» **Source information**
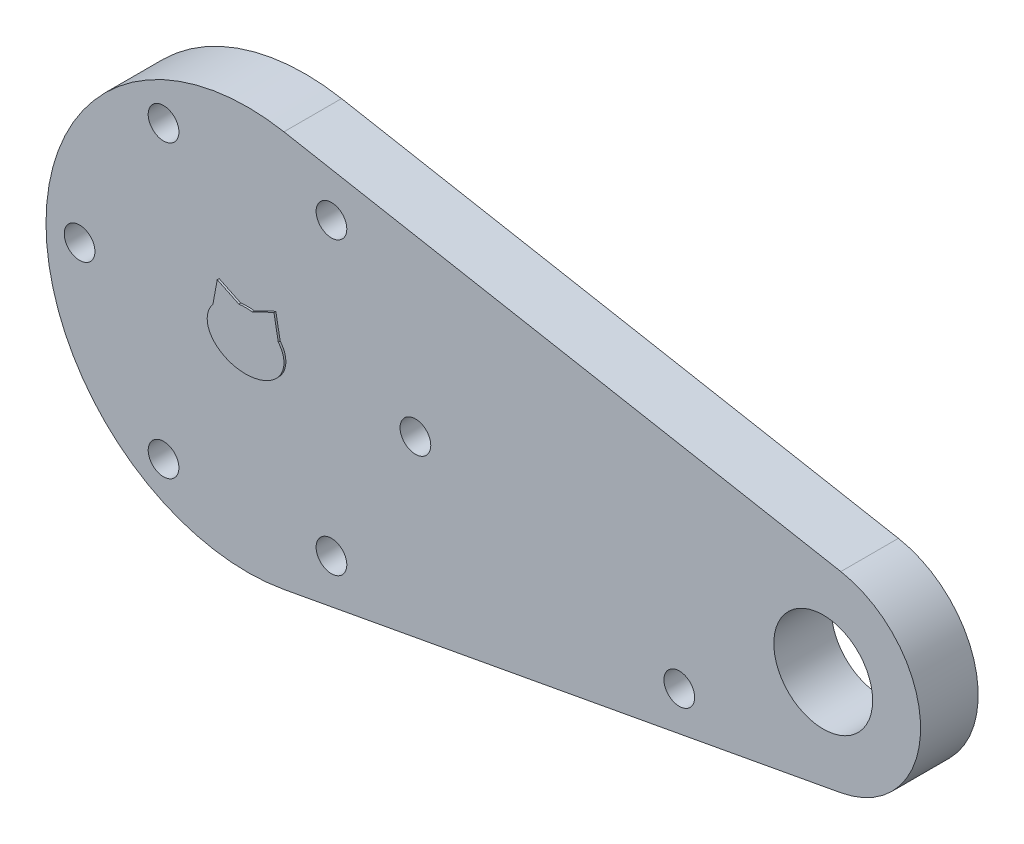
from build123d import *

# Parameters (mm, degrees)
SKETCH_1_R          = 5.15
EXTRUDE_1_DEPTH     = 6
SKETCH_3_R          = 1.6
CUT_EXTRUDE_2_DEPTH = 74.471235868
SKETCH_5_R          = 13.5
EXTRUDE_3_DEPTH     = 0.5
SKETCH_4_R          = 12.35
SKETCH_4_R_2        = 7.65
EXTRUDE_2_DEPTH     = 4
SKETCH_6_R          = 3
CUT_EXTRUDE_3_DEPTH = 3
SKETCH_7_R          = 2.85
CUT_EXTRUDE_4_DEPTH = 3
EXTRUDE_4_DEPTH     = 0.2
SKETCH_10_R         = 1.6
CUT_EXTRUDE_6_DEPTH = 74.487839262


with BuildPart() as part:
    # 草图1 → 凸台-拉伸1 (new body)
    with BuildSketch(Plane.XY):
        with BuildLine():
            Line((61.835458333, -9.98266461), (3.7975, -20.653788847))
            ThreePointArc((3.7975, -20.653788847), (-21, 0), (3.7975, 20.653788847))
            Line((3.7975, 20.653788847), (61.835458333, 9.98266461))
            ThreePointArc((61.835458333, 9.98266461), (70.15, 0), (61.835458333, -9.98266461))
        make_face()
        with Locations((60, 0)):
            Circle(SKETCH_1_R, mode=Mode.SUBTRACT)
    extrude(amount=EXTRUDE_1_DEPTH)

    # 草图3 → 切除-拉伸2 (cut, through all)
    with BuildSketch(Plane.XY.offset(6)):
        with Locations((8.75, 15.155444566)):
            Circle(SKETCH_3_R)
        with Locations((17.5, 0)):
            Circle(SKETCH_3_R)
        with Locations((8.75, -15.155444566)):
            Circle(SKETCH_3_R)
        with Locations((-8.75, -15.155444566)):
            Circle(SKETCH_3_R)
        with Locations((-17.5, 0)):
            Circle(SKETCH_3_R)
        with Locations((-8.75, 15.155444566)):
            Circle(SKETCH_3_R)
    extrude(amount=-CUT_EXTRUDE_2_DEPTH, mode=Mode.SUBTRACT)

    # 草图5 → 凸台-拉伸3 (add)
    with BuildSketch(Plane(origin=(0, 0, 0), x_dir=(-1, 0, 0), z_dir=(0, 0, -1))):
        with Locations(Location((0, 0, 0), (0, 0, 180))):
            Circle(SKETCH_5_R)
    extrude(amount=EXTRUDE_3_DEPTH)

    # 草图4 → 凸台-拉伸2 (add)
    with BuildSketch(Plane(origin=(0, 0, -0.5), x_dir=(-1, 0, 0), z_dir=(0, 0, -1))):
        Circle(SKETCH_4_R)
        Circle(SKETCH_4_R_2, mode=Mode.SUBTRACT)
    extrude(amount=EXTRUDE_2_DEPTH)

    # 草图6 → 切除-拉伸3 (cut)
    with BuildSketch(Plane(origin=(0, 0, -0.5), x_dir=(-1, 0, 0), z_dir=(0, 0, -1))):
        Circle(SKETCH_6_R)
    extrude(amount=-CUT_EXTRUDE_3_DEPTH, mode=Mode.SUBTRACT)

    # 草图7 → 切除-拉伸4 (cut)
    with BuildSketch(Plane(origin=(0, 0, 0), x_dir=(-1, 0, 0), z_dir=(0, 0, -1))):
        with Locations((8.75, 15.155444566)):
            Circle(SKETCH_7_R)
        with Locations((17.5, 0)):
            Circle(SKETCH_7_R)
        with Locations((8.75, -15.155444566)):
            Circle(SKETCH_7_R)
        with Locations((-8.75, -15.155444566)):
            Circle(SKETCH_7_R)
        with Locations((-17.5, 0)):
            Circle(SKETCH_7_R)
        with Locations((-8.75, 15.155444566)):
            Circle(SKETCH_7_R)
    extrude(amount=-CUT_EXTRUDE_4_DEPTH, mode=Mode.SUBTRACT)

    # 草图9 → 凸台-拉伸4 (add)
    with BuildSketch(Plane.XY.offset(6)):
        with BuildLine():
            Line((-2.954769624, 4.033526555), (-3.40491347, 1.574386356))
            add(Edge.make_bspline(
                [(-3.40491347, 1.574386356), (-7.165153372, -3), (0, -3), (7.165153372, -3), (3.40491347, 1.574386356)],
                knots=[2.589117856, 2.589117856, 2.589117856, 4.71238898, 4.71238898, 6.835660105, 6.835660105, 6.835660105], degree=2, weights=[1, 0.487444637, 1, 0.487444637, 1]))
            Line((3.40491347, 1.574386356), (2.954769624, 4.033526555))
            Line((2.954769624, 4.033526555), (0.7, 2.9537053))
            add(Edge.make_bspline(
                [(0.7, 2.9537053), (0, 3.047020297), (-0.7, 2.9537053)],
                knots=[1.394890559, 1.394890559, 1.394890559, 1.746702095, 1.746702095, 1.746702095], degree=2, weights=[1, 0.984568433, 1]))
            Line((-0.7, 2.9537053), (-2.954769624, 4.033526555))
        make_face()
    extrude(amount=EXTRUDE_4_DEPTH)

    # 草图10 → 切除-拉伸6 (cut, through all)
    with BuildSketch(Plane(origin=(0, 0, 0), x_dir=(-1, 0, 0), z_dir=(0, 0, -1))):
        with Locations((-45, -9)):
            Circle(SKETCH_10_R)
    extrude(amount=-CUT_EXTRUDE_6_DEPTH, mode=Mode.SUBTRACT)


solid = part.part

» **Your assignment**
From the records given above, reproduce all text exactly and exclude each picture.

» **Worked solution**
from build123d import *

# Parameters (mm, degrees)
SKETCH_1_R          = 5.15
EXTRUDE_1_DEPTH     = 6
SKETCH_3_R          = 1.6
CUT_EXTRUDE_2_DEPTH = 74.471235868
SKETCH_5_R          = 13.5
EXTRUDE_3_DEPTH     = 0.5
SKETCH_4_R          = 12.35
SKETCH_4_R_2        = 7.65
EXTRUDE_2_DEPTH     = 4
SKETCH_6_R          = 3
CUT_EXTRUDE_3_DEPTH = 3
SKETCH_7_R          = 2.85
CUT_EXTRUDE_4_DEPTH = 3
EXTRUDE_4_DEPTH     = 0.2
SKETCH_10_R         = 1.6
CUT_EXTRUDE_6_DEPTH = 74.487839262


with BuildPart() as part:
    # 草图1 → 凸台-拉伸1 (new body)
    with BuildSketch(Plane.XY):
        with BuildLine():
            Line((61.835458333, -9.98266461), (3.7975, -20.653788847))
            ThreePointArc((3.7975, -20.653788847), (-21, 0), (3.7975, 20.653788847))
            Line((3.7975, 20.653788847), (61.835458333, 9.98266461))
            ThreePointArc((61.835458333, 9.98266461), (70.15, 0), (61.835458333, -9.98266461))
        make_face()
        with Locations((60, 0)):
            Circle(SKETCH_1_R, mode=Mode.SUBTRACT)
    extrude(amount=EXTRUDE_1_DEPTH)

    # 草图3 → 切除-拉伸2 (cut, through all)
    with BuildSketch(Plane.XY.offset(6)):
        with Locations((8.75, 15.155444566)):
            Circle(SKETCH_3_R)
        with Locations((17.5, 0)):
            Circle(SKETCH_3_R)
        with Locations((8.75, -15.155444566)):
            Circle(SKETCH_3_R)
        with Locations((-8.75, -15.155444566)):
            Circle(SKETCH_3_R)
        with Locations((-17.5, 0)):
            Circle(SKETCH_3_R)
        with Locations((-8.75, 15.155444566)):
            Circle(SKETCH_3_R)
    extrude(amount=-CUT_EXTRUDE_2_DEPTH, mode=Mode.SUBTRACT)

    # 草图5 → 凸台-拉伸3 (add)
    with BuildSketch(Plane(origin=(0, 0, 0), x_dir=(-1, 0, 0), z_dir=(0, 0, -1))):
        with Locations(Location((0, 0, 0), (0, 0, 180))):
            Circle(SKETCH_5_R)
    extrude(amount=EXTRUDE_3_DEPTH)

    # 草图4 → 凸台-拉伸2 (add)
    with BuildSketch(Plane(origin=(0, 0, -0.5), x_dir=(-1, 0, 0), z_dir=(0, 0, -1))):
        Circle(SKETCH_4_R)
        Circle(SKETCH_4_R_2, mode=Mode.SUBTRACT)
    extrude(amount=EXTRUDE_2_DEPTH)

    # 草图6 → 切除-拉伸3 (cut)
    with BuildSketch(Plane(origin=(0, 0, -0.5), x_dir=(-1, 0, 0), z_dir=(0, 0, -1))):
        Circle(SKETCH_6_R)
    extrude(amount=-CUT_EXTRUDE_3_DEPTH, mode=Mode.SUBTRACT)

    # 草图7 → 切除-拉伸4 (cut)
    with BuildSketch(Plane(origin=(0, 0, 0), x_dir=(-1, 0, 0), z_dir=(0, 0, -1))):
        with Locations((8.75, 15.155444566)):
            Circle(SKETCH_7_R)
        with Locations((17.5, 0)):
            Circle(SKETCH_7_R)
        with Locations((8.75, -15.155444566)):
            Circle(SKETCH_7_R)
        with Locations((-8.75, -15.155444566)):
            Circle(SKETCH_7_R)
        with Locations((-17.5, 0)):
            Circle(SKETCH_7_R)
        with Locations((-8.75, 15.155444566)):
            Circle(SKETCH_7_R)
    extrude(amount=-CUT_EXTRUDE_4_DEPTH, mode=Mode.SUBTRACT)

    # 草图9 → 凸台-拉伸4 (add)
    with BuildSketch(Plane.XY.offset(6)):
        with BuildLine():
            Line((-2.954769624, 4.033526555), (-3.40491347, 1.574386356))
            add(Edge.make_bspline(
                [(-3.40491347, 1.574386356), (-7.165153372, -3), (0, -3), (7.165153372, -3), (3.40491347, 1.574386356)],
                knots=[2.589117856, 2.589117856, 2.589117856, 4.71238898, 4.71238898, 6.835660105, 6.835660105, 6.835660105], degree=2, weights=[1, 0.487444637, 1, 0.487444637, 1]))
            Line((3.40491347, 1.574386356), (2.954769624, 4.033526555))
            Line((2.954769624, 4.033526555), (0.7, 2.9537053))
            add(Edge.make_bspline(
                [(0.7, 2.9537053), (0, 3.047020297), (-0.7, 2.9537053)],
                knots=[1.394890559, 1.394890559, 1.394890559, 1.746702095, 1.746702095, 1.746702095], degree=2, weights=[1, 0.984568433, 1]))
            Line((-0.7, 2.9537053), (-2.954769624, 4.033526555))
        make_face()
    extrude(amount=EXTRUDE_4_DEPTH)

    # 草图10 → 切除-拉伸6 (cut, through all)
    with BuildSketch(Plane(origin=(0, 0, 0), x_dir=(-1, 0, 0), z_dir=(0, 0, -1))):
        with Locations((-45, -9)):
            Circle(SKETCH_10_R)
    extrude(amount=-CUT_EXTRUDE_6_DEPTH, mode=Mode.SUBTRACT)


solid = part.part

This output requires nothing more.